Not going to Europe this year? Three places to see Van Gogh exhibits in the U.S.

Not going to Europe this year? Three places to see Van Gogh exhibits in the U.S.
Tulips create a portrait of Dutch painter Vincent van Gogh in Lisse, Holland, on April 21. (Remoko de Waal / European Pressphoto Agency)

If Europe's not on your radar this year but you want to get a dose of Vincent van Gogh, you can find at least three places in the U.S. this summer that are planning special exhibitions of his work.

Museums in western Massachusetts, New York City and Pittsburgh will join European counterparts in marking the 125th anniversary of the artist's death.


The most important of the three U.S. exhibitions is "Van Gogh and Nature" at the Clark Art Institute in Williamstown, Mass. This exhibition June 14-Sept. 13 will focus on Van Gogh's study and depiction of nature and will feature 50 paintings and drawings from major museums in the United States and Europe.

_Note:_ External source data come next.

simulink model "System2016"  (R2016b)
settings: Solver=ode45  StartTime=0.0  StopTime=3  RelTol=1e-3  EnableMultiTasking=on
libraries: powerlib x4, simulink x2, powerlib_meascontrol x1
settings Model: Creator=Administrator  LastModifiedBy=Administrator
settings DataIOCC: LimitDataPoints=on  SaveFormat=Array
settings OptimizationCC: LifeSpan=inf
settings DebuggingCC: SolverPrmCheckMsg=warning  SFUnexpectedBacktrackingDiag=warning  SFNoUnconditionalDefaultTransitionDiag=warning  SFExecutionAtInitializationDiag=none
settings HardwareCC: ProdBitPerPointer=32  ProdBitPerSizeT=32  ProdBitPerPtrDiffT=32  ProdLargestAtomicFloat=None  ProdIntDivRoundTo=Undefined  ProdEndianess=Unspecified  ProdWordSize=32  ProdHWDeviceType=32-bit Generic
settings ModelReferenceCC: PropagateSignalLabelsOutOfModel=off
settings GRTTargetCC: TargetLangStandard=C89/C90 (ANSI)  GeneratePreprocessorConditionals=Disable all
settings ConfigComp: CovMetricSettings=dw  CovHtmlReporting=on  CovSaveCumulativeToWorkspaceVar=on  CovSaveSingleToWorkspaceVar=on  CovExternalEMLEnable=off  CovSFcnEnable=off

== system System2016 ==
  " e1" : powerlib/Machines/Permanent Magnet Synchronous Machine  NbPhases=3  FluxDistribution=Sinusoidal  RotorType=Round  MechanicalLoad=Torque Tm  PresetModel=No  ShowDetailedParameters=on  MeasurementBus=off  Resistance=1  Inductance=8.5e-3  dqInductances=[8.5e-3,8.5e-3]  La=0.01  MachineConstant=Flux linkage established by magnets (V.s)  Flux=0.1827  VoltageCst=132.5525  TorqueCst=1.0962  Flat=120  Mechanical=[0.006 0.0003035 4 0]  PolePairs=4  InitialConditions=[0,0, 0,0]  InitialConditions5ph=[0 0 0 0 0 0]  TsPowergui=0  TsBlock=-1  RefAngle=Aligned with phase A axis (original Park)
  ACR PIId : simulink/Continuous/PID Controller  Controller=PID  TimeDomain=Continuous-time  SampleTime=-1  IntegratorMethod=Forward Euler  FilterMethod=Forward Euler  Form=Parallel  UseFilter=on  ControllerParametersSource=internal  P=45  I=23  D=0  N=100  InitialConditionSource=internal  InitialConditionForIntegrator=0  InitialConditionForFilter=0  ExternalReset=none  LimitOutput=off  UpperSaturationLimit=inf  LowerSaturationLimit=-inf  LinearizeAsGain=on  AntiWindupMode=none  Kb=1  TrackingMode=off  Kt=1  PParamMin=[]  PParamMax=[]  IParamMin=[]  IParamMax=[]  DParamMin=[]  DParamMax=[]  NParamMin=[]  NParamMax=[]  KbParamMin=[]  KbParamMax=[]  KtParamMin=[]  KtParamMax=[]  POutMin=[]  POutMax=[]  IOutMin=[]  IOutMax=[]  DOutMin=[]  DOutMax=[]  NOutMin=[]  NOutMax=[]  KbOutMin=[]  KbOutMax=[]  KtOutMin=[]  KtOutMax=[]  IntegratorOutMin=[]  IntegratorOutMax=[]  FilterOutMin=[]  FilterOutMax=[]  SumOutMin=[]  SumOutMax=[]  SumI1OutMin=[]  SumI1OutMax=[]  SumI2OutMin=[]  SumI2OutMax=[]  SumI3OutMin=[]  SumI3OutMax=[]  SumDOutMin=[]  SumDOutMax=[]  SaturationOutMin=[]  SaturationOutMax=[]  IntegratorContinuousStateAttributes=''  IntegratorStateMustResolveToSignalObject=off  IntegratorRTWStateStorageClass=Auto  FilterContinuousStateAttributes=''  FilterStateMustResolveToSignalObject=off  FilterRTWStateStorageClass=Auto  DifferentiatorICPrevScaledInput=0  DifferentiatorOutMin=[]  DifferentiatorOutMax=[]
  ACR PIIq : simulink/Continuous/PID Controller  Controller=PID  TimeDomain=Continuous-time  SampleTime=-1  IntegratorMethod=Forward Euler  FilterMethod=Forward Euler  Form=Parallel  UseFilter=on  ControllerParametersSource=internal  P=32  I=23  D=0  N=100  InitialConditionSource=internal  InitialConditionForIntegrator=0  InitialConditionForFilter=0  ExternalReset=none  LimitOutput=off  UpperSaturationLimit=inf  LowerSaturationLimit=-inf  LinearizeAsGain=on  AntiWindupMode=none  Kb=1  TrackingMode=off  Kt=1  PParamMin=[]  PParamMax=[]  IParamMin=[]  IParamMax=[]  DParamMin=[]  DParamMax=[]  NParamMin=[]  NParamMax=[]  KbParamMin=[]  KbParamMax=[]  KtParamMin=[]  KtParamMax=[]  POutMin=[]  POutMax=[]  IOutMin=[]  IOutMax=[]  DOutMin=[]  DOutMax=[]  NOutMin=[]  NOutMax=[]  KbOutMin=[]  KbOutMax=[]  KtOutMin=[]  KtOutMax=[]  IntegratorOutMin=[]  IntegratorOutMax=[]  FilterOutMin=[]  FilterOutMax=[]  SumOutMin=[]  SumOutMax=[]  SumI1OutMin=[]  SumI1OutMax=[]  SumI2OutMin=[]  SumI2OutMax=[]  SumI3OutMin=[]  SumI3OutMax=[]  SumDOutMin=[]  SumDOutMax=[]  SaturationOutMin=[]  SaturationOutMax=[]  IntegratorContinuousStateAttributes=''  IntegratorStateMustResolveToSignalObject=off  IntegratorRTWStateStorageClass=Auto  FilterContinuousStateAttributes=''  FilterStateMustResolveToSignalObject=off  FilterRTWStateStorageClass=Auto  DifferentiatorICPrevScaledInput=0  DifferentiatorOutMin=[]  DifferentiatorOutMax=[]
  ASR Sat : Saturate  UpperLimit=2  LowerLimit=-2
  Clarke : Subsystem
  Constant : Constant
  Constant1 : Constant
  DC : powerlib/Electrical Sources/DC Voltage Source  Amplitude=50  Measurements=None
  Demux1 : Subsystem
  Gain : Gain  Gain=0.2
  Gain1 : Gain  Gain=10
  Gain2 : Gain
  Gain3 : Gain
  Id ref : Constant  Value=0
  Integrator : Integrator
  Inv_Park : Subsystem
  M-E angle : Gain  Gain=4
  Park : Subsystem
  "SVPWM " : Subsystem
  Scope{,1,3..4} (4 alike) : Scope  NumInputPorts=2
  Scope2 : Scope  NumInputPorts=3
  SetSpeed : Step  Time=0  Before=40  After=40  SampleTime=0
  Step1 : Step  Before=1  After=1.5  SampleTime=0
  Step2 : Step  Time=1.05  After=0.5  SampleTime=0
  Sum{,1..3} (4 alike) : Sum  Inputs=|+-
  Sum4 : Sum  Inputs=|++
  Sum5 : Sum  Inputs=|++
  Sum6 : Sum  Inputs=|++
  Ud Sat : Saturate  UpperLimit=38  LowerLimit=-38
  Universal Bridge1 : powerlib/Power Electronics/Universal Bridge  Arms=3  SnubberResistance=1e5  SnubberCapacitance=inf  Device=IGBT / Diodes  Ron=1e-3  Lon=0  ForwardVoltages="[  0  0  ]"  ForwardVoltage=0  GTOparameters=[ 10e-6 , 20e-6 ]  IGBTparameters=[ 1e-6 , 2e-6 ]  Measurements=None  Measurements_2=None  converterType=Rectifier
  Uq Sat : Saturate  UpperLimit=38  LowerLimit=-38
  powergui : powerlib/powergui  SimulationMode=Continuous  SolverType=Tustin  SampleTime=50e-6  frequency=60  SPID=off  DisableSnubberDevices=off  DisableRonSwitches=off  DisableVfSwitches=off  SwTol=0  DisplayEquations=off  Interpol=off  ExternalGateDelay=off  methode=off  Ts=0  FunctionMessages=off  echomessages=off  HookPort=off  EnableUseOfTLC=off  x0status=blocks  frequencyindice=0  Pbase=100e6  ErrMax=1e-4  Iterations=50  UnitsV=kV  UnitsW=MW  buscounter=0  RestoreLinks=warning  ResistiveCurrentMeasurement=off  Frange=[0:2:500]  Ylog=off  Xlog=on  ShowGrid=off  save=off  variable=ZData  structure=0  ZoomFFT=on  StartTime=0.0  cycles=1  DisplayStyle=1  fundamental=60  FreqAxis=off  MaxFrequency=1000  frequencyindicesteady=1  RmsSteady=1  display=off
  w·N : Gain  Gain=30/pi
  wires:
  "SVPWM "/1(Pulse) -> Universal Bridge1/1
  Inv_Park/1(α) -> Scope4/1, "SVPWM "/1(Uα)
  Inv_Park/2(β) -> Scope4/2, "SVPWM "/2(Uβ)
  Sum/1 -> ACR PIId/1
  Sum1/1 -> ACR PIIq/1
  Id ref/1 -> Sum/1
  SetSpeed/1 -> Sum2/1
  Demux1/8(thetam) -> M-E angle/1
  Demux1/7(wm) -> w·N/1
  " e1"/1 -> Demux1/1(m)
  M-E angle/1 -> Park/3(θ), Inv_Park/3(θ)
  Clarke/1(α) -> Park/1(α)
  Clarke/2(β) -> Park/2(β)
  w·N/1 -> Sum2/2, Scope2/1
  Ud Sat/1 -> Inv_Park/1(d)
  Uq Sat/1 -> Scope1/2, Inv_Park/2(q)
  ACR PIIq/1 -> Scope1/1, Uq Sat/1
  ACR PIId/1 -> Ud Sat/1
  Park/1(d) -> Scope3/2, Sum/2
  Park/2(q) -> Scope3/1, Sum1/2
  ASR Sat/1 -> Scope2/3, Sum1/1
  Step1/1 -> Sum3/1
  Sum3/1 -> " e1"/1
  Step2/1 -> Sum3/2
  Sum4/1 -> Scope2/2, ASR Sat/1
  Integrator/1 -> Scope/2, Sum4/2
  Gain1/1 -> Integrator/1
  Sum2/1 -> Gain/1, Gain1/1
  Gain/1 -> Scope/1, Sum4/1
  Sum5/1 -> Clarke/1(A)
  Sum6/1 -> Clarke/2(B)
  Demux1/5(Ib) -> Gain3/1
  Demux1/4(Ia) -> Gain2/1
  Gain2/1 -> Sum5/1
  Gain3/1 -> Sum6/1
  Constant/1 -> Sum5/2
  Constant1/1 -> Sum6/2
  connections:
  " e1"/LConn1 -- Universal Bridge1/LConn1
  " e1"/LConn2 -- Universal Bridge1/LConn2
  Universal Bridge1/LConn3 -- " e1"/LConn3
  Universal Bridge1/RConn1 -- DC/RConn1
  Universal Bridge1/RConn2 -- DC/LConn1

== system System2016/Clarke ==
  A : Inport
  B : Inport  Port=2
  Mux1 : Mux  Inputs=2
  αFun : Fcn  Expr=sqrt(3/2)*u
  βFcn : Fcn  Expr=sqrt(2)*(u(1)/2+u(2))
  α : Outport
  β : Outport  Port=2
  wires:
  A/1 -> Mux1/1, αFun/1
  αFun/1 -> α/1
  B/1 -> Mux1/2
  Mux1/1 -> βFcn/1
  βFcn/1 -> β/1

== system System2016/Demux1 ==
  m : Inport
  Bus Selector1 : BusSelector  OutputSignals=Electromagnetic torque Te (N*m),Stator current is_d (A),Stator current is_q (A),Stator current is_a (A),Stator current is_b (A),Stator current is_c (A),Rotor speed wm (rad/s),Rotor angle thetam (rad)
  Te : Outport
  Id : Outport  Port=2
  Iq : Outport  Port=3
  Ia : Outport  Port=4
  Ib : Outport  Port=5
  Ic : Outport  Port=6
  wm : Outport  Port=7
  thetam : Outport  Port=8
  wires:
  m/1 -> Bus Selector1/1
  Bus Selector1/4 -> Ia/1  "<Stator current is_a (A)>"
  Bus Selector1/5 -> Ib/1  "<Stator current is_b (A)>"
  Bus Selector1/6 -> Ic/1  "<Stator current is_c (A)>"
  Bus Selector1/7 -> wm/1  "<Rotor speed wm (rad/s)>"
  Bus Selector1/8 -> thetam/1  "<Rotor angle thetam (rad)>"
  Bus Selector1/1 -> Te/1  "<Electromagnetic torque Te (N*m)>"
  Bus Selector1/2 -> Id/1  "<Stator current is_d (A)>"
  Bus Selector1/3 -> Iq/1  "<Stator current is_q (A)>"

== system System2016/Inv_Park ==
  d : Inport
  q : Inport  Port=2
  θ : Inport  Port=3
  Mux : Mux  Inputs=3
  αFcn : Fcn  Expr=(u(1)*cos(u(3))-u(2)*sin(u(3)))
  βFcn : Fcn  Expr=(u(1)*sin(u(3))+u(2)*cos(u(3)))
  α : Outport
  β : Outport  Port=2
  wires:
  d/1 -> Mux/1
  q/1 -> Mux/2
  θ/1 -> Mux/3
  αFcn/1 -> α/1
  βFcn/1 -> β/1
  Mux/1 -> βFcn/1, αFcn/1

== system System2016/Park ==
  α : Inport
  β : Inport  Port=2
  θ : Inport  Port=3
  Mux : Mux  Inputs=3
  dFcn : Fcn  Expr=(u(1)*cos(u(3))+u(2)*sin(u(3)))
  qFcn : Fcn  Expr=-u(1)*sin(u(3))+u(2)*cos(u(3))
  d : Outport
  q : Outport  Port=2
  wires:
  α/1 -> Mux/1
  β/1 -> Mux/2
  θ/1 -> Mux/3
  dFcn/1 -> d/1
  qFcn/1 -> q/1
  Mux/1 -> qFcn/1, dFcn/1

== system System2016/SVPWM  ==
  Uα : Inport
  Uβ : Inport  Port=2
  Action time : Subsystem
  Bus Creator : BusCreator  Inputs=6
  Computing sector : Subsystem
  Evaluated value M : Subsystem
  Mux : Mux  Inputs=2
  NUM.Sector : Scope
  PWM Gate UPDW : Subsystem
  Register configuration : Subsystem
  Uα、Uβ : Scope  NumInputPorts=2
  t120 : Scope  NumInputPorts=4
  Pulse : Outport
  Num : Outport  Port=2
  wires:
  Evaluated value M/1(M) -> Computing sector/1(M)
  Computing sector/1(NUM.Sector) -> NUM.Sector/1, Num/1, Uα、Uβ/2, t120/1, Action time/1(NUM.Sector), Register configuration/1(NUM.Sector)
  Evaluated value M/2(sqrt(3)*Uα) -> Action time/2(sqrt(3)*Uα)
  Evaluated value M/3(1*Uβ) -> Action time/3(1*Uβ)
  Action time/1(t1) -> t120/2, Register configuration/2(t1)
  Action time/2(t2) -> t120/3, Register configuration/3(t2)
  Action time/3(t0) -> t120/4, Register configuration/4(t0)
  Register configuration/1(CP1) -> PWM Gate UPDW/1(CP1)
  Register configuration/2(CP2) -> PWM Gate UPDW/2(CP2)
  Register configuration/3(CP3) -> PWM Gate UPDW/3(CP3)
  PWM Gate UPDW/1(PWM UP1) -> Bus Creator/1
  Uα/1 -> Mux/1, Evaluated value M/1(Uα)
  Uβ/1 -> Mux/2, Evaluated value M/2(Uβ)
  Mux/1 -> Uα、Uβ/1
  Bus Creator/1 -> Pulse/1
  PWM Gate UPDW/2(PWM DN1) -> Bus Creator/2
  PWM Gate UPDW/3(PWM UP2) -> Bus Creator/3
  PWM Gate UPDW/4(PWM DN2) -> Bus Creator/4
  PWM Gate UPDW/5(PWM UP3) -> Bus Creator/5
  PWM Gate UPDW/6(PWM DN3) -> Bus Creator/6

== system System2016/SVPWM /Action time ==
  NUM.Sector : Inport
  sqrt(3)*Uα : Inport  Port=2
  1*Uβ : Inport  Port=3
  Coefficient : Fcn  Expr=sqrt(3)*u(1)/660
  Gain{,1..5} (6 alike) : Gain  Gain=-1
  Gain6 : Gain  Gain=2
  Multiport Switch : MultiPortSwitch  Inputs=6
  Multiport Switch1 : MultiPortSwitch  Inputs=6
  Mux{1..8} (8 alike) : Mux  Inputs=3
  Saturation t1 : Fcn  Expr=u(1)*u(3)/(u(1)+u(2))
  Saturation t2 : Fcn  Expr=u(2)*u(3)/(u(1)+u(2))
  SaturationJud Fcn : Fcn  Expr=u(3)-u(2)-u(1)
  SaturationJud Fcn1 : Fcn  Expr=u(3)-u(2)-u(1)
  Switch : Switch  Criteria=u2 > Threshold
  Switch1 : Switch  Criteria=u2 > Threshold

Also featured: works from the Clark's permanent collection that reflect Van Gogh's interest in nature, including a tulip field painting by Monet, "The Sower" by Millet, and Japanese prints of natural subjects.

The museum and nearby arts organizations also will offer related activities, including hikes through the museum's trails in July and August; performances during the Bang on a Can Plays Art Festival at MASS MoCA in North Adams in late July; and daytime and evening drawing and watercolor classes at the Clark in July and August.

Through Aug. 16, the Metropolitan Museum of Art in New York is showing four Van Gogh paintings -- two of irises, two of roses -- done shortly before his death in 1890 and owned by the Met, the Van Gogh Museum in Amsterdam and the National Gallery of Art in Washington.

This is the first time these four paintings have been shown together; their presentation is also timed to coincide with the seasonal blooming of roses and irises.

In fact, the Met has worked with the New York Botanical Garden to include horticultural information on the flowers on the exhibition's website.

Also on the website and in the show are videos that explore Van Gogh's working practices and how the paintings on display once appeared and subsequently faded.

Special programming will include a July 23 dialogue between a perfumer and art historian about flowers and fragrance.

The Carnegie Museum of Art in Pittsburgh has a small show through July 6 featuring three works by Van Gogh -- including his 1887 "Still Life, Basket of Apples" from the Saint Louis Art Museum -- and a fourth by Signac.

Special programming includes the one-man play "Vincent," written and originally performed by Leonard Nimoy, on June 13 and 14.